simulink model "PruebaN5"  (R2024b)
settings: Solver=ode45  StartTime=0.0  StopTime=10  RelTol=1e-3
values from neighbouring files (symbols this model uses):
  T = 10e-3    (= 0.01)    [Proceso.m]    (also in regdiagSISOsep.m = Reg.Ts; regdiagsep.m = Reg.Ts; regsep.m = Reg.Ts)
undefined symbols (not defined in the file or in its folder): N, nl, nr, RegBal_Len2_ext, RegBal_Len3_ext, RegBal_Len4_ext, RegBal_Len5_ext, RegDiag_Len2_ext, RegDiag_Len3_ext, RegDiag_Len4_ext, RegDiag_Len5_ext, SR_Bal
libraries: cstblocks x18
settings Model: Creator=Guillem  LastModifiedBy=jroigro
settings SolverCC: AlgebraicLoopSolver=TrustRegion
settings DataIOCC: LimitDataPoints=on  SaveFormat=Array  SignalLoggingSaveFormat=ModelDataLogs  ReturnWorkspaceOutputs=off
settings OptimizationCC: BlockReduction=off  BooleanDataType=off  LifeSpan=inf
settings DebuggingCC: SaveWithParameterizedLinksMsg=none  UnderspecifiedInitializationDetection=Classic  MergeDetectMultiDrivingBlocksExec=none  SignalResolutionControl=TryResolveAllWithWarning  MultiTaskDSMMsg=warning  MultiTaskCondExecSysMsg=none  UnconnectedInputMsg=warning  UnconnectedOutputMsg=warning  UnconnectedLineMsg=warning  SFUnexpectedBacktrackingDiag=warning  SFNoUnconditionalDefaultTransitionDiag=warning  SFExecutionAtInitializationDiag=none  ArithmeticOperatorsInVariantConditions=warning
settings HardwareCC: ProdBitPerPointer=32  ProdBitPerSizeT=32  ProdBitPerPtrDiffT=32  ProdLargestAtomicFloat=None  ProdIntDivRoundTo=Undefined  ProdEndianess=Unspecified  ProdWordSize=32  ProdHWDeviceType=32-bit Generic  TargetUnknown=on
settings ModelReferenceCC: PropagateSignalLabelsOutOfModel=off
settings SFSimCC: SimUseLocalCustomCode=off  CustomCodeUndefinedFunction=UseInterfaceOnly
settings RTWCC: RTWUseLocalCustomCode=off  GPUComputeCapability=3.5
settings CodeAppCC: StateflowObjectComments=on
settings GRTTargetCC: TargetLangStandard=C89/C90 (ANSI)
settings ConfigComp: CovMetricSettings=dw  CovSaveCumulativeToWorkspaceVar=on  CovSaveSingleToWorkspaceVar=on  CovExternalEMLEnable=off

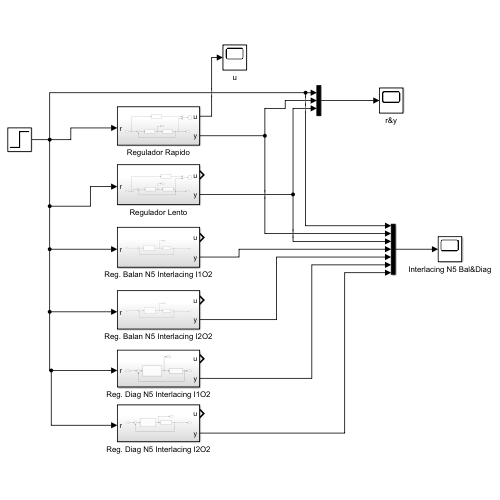
[thumbnail: Simulink's stored preview of the top-level diagram]
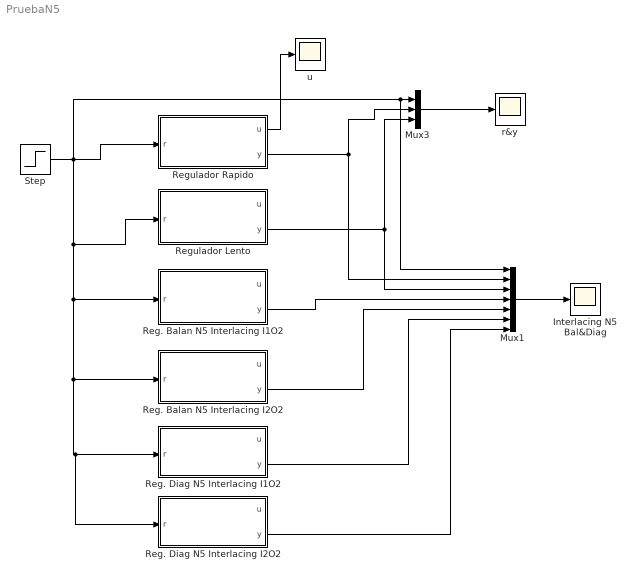
== system PruebaN5 ==
  Interlacing N5 Bal&Diag : Scope
  Mux1 : Mux  Inputs=7
  Mux3 : Mux  Inputs=3
  Reg. Balan N5 Interlacing I1O2 : Subsystem
  Reg. Balan N5 Interlacing I2O2 : Subsystem
  Reg. Diag N5 Interlacing I1O2 : Subsystem
  Reg. Diag N5 Interlacing I2O2 : Subsystem
  Regulador Lento : Subsystem
  Regulador Rapido : Subsystem
  Step : Step  Time=10  Before=1  After=2  SampleTime=0
  r&y : Scope
  u : Scope
  wires:
  Mux3/1 -> r&y/1
  Regulador Rapido/2(y) -> Mux1/2, Mux3/2
  Regulador Rapido/1(u) -> u/1
  Reg. Balan N5 Interlacing I2O2/2(y) -> Mux1/5
  Mux1/1 -> Interlacing N5 Bal&Diag/1
  Regulador Lento/2(y) -> Mux1/3, Mux3/3
  Reg. Balan N5 Interlacing I1O2/2(y) -> Mux1/4
  Step/1 -> Reg. Diag N5 Interlacing I2O2/1(r), Reg. Diag N5 Interlacing I1O2/1(r), Reg. Balan N5 Interlacing I2O2/1(r), Reg. Balan N5 Interlacing I1O2/1(r), Regulador Lento/1(r), Mux1/1, Mux3/1, Regulador Rapido/1(r)
  Reg. Diag N5 Interlacing I1O2/2(y) -> Mux1/6
  Reg. Diag N5 Interlacing I2O2/2(y) -> Mux1/7

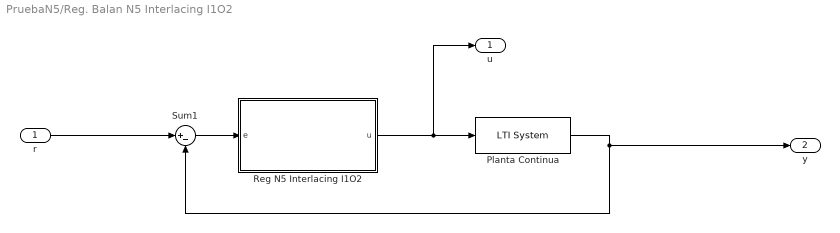
== system PruebaN5/Reg. Balan N5 Interlacing I1O2 ==
  r : Inport
  Planta Continua : cstblocks/LTI System  sys=Planta  IC=[]  PadeOrder=0
  Reg N5 Interlacing I1O2 : Subsystem
  Sum1 : Sum  Inputs=|+-
  u : Outport
  y : Outport  Port=2
  wires:
  Reg N5 Interlacing I1O2/1(u) -> u/1, Planta Continua/1
  Planta Continua/1 -> y/1, Sum1/2
  Sum1/1 -> Reg N5 Interlacing I1O2/1(e)
  r/1 -> Sum1/1

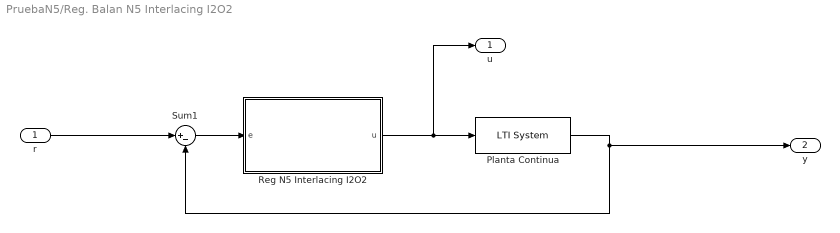
== system PruebaN5/Reg. Balan N5 Interlacing I2O2 ==
  r : Inport
  Planta Continua : cstblocks/LTI System  sys=Planta  IC=[]  PadeOrder=0
  Reg N5 Interlacing I2O2 : Subsystem
  Sum1 : Sum  Inputs=|+-
  u : Outport
  y : Outport  Port=2
  wires:
  r/1 -> Sum1/1
  Reg N5 Interlacing I2O2/1(u) -> u/1, Planta Continua/1
  Sum1/1 -> Reg N5 Interlacing I2O2/1(e)
  Planta Continua/1 -> y/1, Sum1/2

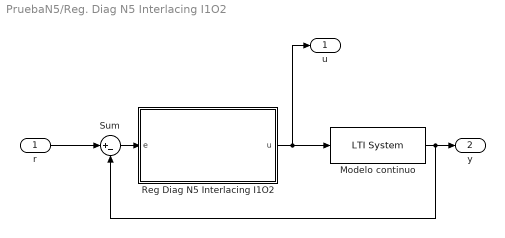
== system PruebaN5/Reg. Diag N5 Interlacing I1O2 ==
  r : Inport
  Modelo continuo : cstblocks/LTI System  sys=Planta  IC=[]  PadeOrder=0
  Reg Diag N5 Interlacing I1O2 : Subsystem
  Sum : Sum  Inputs=|+-
  u : Outport
  y : Outport  Port=2
  wires:
  Reg Diag N5 Interlacing I1O2/1(u) -> Modelo continuo/1, u/1
  r/1 -> Sum/1
  Sum/1 -> Reg Diag N5 Interlacing I1O2/1(e)
  Modelo continuo/1 -> Sum/2, y/1

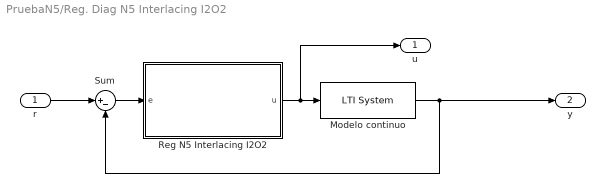
== system PruebaN5/Reg. Diag N5 Interlacing I2O2 ==
  r : Inport
  Modelo continuo : cstblocks/LTI System  sys=Planta  IC=[]  PadeOrder=0
  Reg N5 Interlacing I2O2 : Subsystem
  Sum : Sum  Inputs=|+-
  u : Outport
  y : Outport  Port=2
  wires:
  Modelo continuo/1 -> Sum/2, y/1
  Reg N5 Interlacing I2O2/1(u) -> Modelo continuo/1, u/1
  r/1 -> Sum/1
  Sum/1 -> Reg N5 Interlacing I2O2/1(e)

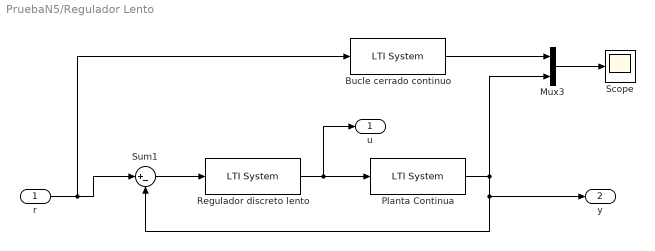
== system PruebaN5/Regulador Lento ==
  r : Inport
  Bucle cerrado continuo : cstblocks/LTI System  sys=BC2  IC=[]  PadeOrder=0
  Mux3 : Mux  Inputs=2
  Planta Continua : cstblocks/LTI System  sys=Planta  IC=[]  PadeOrder=0
  Regulador discreto lento : cstblocks/LTI System  sys=GrN5  IC=[]  PadeOrder=0
  Scope : Scope
  Sum1 : Sum  Inputs=|+-
  u : Outport
  y : Outport  Port=2
  wires:
  r/1 -> Bucle cerrado continuo/1, Sum1/1
  Regulador discreto lento/1 -> u/1, Planta Continua/1
  Sum1/1 -> Regulador discreto lento/1
  Planta Continua/1 -> Sum1/2, y/1, Mux3/2
  Mux3/1 -> Scope/1
  Bucle cerrado continuo/1 -> Mux3/1

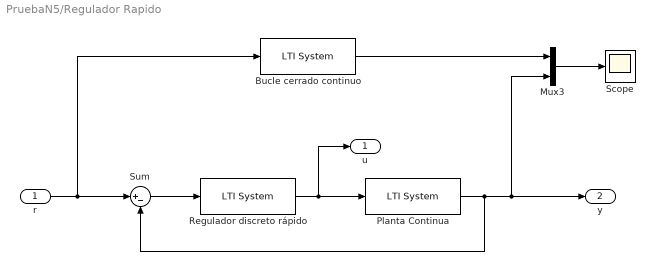
== system PruebaN5/Regulador Rapido ==
  r : Inport
  Bucle cerrado continuo : cstblocks/LTI System  sys=BC1  IC=[]  PadeOrder=0
  Mux3 : Mux  Inputs=2
  Planta Continua : cstblocks/LTI System  sys=Planta  IC=[]  PadeOrder=0
  Regulador discreto rápido : cstblocks/LTI System  sys=Gr  IC=[]  PadeOrder=0
  Scope : Scope
  Sum : Sum  Inputs=|+-
  u : Outport
  y : Outport  Port=2
  wires:
  Regulador discreto rápido/1 -> u/1, Planta Continua/1
  Bucle cerrado continuo/1 -> Mux3/1
  Mux3/1 -> Scope/1
  Sum/1 -> Regulador discreto rápido/1
  Planta Continua/1 -> Mux3/2, y/1, Sum/2
  r/1 -> Sum/1, Bucle cerrado continuo/1

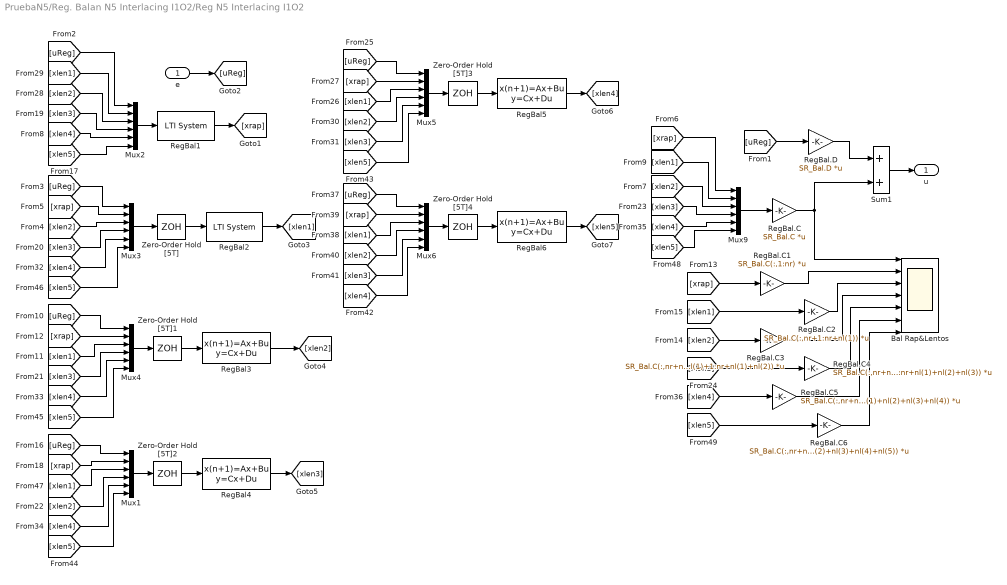
== system PruebaN5/Reg. Balan N5 Interlacing I1O2/Reg N5 Interlacing I1O2 ==
  e : Inport
  Bal Rap&Lentos : Scope  NumInputPorts=7
  Mux{1..6,9} (7 alike) : Mux  Inputs=6
  RegBal.C : Gain  Gain=SR_Bal.C  Multiplication=Matrix(K*u)
  RegBal.C1 : Gain  Gain=SR_Bal.C(:,1:nr)  Multiplication=Matrix(K*u)
  RegBal.C2 : Gain  Gain=SR_Bal.C(:,nr+1:nr+nl(1))  Multiplication=Matrix(K*u)
  RegBal.C3 : Gain  Gain=SR_Bal.C(:,nr+nl(1)+1:nr+nl(1)+nl(2))  Multiplication=Matrix(K*u)
  RegBal.C4 : Gain  Gain=SR_Bal.C(:,nr+nl(1)+nl(2)+1:nr+nl(1)+nl(2)+nl(3))  Multiplication=Matrix(K*u)
  RegBal.C5 : Gain  Gain=SR_Bal.C(:,nr+nl(1)+nl(2)+nl(3)+1:nr+nl(1)+nl(2)+nl(3)+nl(4))  Multiplication=Matrix(K*u)
  RegBal.C6 : Gain  Gain=SR_Bal.C(:,nr+nl(1)+nl(2)+nl(3)+nl(4)+1:nr+nl(1)+nl(2)+nl(3)+nl(4)+nl(5))  Multiplication=Matrix(K*u)
  RegBal.D : Gain  Gain=SR_Bal.D  Multiplication=Matrix(K*u)
  RegBal1 : cstblocks/LTI System  sys=RegBal_Rap  IC=[]  PadeOrder=0
  RegBal2 : cstblocks/LTI System  sys=RegBal_Len1_ext  IC=[]  PadeOrder=0
  RegBal3 : DiscreteStateSpace  A=RegBal_Len2_ext.A  B=RegBal_Len2_ext.B  C=RegBal_Len2_ext.C  D=RegBal_Len2_ext.D  SampleTime=[N*T,T]
  RegBal4 : DiscreteStateSpace  A=RegBal_Len3_ext.A  B=RegBal_Len3_ext.B  C=RegBal_Len3_ext.C  D=RegBal_Len3_ext.D  SampleTime=[N*T,2*T]
  RegBal5 : DiscreteStateSpace  A=RegBal_Len4_ext.A  B=RegBal_Len4_ext.B  C=RegBal_Len4_ext.C  D=RegBal_Len4_ext.D  SampleTime=[N*T,3*T]
  RegBal6 : DiscreteStateSpace  A=RegBal_Len5_ext.A  B=RegBal_Len5_ext.B  C=RegBal_Len5_ext.C  D=RegBal_Len5_ext.D  SampleTime=[N*T,4*T]
  Sum1 : Sum
  Zero-Order Hold [5T]{,1..4} (5 alike) : ZeroOrderHold  SampleTime=[N*T]
  u : Outport
  wires:
  RegBal.D/1 -> Sum1/1
  Mux4/1 -> Zero-Order Hold [5T]1/1
  Mux9/1 -> RegBal.C/1
  Sum1/1 -> u/1
  Mux2/1 -> RegBal1/1
  Mux3/1 -> Zero-Order Hold [5T]/1
  e/1 -> [uReg]
  RegBal.C3/1 -> Bal Rap&Lentos/4
  RegBal.C/1 -> Bal Rap&Lentos/1, Sum1/2
  RegBal.C2/1 -> Bal Rap&Lentos/3
  RegBal2/1 -> [xlen1]
  RegBal.C1/1 -> Bal Rap&Lentos/2
  Zero-Order Hold [5T]/1 -> RegBal2/1
  Zero-Order Hold [5T]1/1 -> RegBal3/1
  RegBal1/1 -> [xrap]
  [uReg] -> RegBal.D/1
  [uReg] -> Mux2/1
  [xlen1] -> Mux2/2
  [xlen2] -> Mux2/3
  [uReg] -> Mux3/1
  [xlen2] -> Mux3/3
  [xrap] -> Mux3/2
  [xrap] -> Mux9/1
  [xlen1] -> Mux9/2
  [xlen2] -> Mux9/3
  RegBal3/1 -> [xlen2]
  [xrap] -> Mux4/2
  [xlen1] -> Mux4/3
  [uReg] -> Mux4/1
  [xlen2] -> RegBal.C3/1
  [xlen1] -> RegBal.C2/1
  [xrap] -> RegBal.C1/1
  [uReg] -> Mux1/1
  [xrap] -> Mux1/2
  RegBal4/1 -> [xlen3]
  Zero-Order Hold [5T]2/1 -> RegBal4/1
  Mux1/1 -> Zero-Order Hold [5T]2/1
  [xlen3] -> Mux2/4
  [xlen3] -> Mux3/4
  [xlen3] -> Mux4/4
  [xlen2] -> Mux1/4
  [xlen3] -> Mux9/4
  [xlen3] -> RegBal.C4/1
  RegBal.C4/1 -> Bal Rap&Lentos/5
  [xlen1] -> Mux5/3
  Zero-Order Hold [5T]3/1 -> RegBal5/1
  [xrap] -> Mux5/2
  [uReg] -> Mux5/1
  Mux5/1 -> Zero-Order Hold [5T]3/1
  [xlen2] -> Mux5/4
  RegBal5/1 -> [xlen4]
  [xlen3] -> Mux5/5
  [xlen4] -> Mux2/5
  [xlen4] -> Mux3/5
  [xlen4] -> Mux4/5
  [xlen4] -> Mux1/5
  [xlen4] -> Mux9/5
  [xlen4] -> RegBal.C5/1
  RegBal.C5/1 -> Bal Rap&Lentos/6
  [xlen3] -> Mux6/5
  RegBal6/1 -> [xlen5]
  [xlen2] -> Mux6/4
  Mux6/1 -> Zero-Order Hold [5T]4/1
  [uReg] -> Mux6/1
  [xrap] -> Mux6/2
  Zero-Order Hold [5T]4/1 -> RegBal6/1
  [xlen1] -> Mux6/3
  [xlen4] -> Mux6/6
  [xlen5] -> Mux5/6
  [xlen5] -> Mux1/6
  [xlen5] -> Mux4/6
  [xlen5] -> Mux3/6
  [xlen1] -> Mux1/3
  [xlen5] -> Mux2/6
  [xlen5] -> Mux9/6
  [xlen5] -> RegBal.C6/1
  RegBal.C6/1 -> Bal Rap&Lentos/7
+++
PROBLEM TO WORK ON: Each line in the entries above, starting at the line with "settings Model: Creator=Guillem" and ending at the line with "settings CodeAppCC: StateflowObjectComments=on", is to be printed exactly, and only those lines.

YOUR RESPONSE:
settings Model: Creator=Guillem  LastModifiedBy=jroigro
settings SolverCC: AlgebraicLoopSolver=TrustRegion
settings DataIOCC: LimitDataPoints=on  SaveFormat=Array  SignalLoggingSaveFormat=ModelDataLogs  ReturnWorkspaceOutputs=off
settings OptimizationCC: BlockReduction=off  BooleanDataType=off  LifeSpan=inf
settings DebuggingCC: SaveWithParameterizedLinksMsg=none  UnderspecifiedInitializationDetection=Classic  MergeDetectMultiDrivingBlocksExec=none  SignalResolutionControl=TryResolveAllWithWarning  MultiTaskDSMMsg=warning  MultiTaskCondExecSysMsg=none  UnconnectedInputMsg=warning  UnconnectedOutputMsg=warning  UnconnectedLineMsg=warning  SFUnexpectedBacktrackingDiag=warning  SFNoUnconditionalDefaultTransitionDiag=warning  SFExecutionAtInitializationDiag=none  ArithmeticOperatorsInVariantConditions=warning
settings HardwareCC: ProdBitPerPointer=32  ProdBitPerSizeT=32  ProdBitPerPtrDiffT=32  ProdLargestAtomicFloat=None  ProdIntDivRoundTo=Undefined  ProdEndianess=Unspecified  ProdWordSize=32  ProdHWDeviceType=32-bit Generic  TargetUnknown=on
settings ModelReferenceCC: PropagateSignalLabelsOutOfModel=off
settings SFSimCC: SimUseLocalCustomCode=off  CustomCodeUndefinedFunction=UseInterfaceOnly
settings RTWCC: RTWUseLocalCustomCode=off  GPUComputeCapability=3.5
settings CodeAppCC: StateflowObjectComments=on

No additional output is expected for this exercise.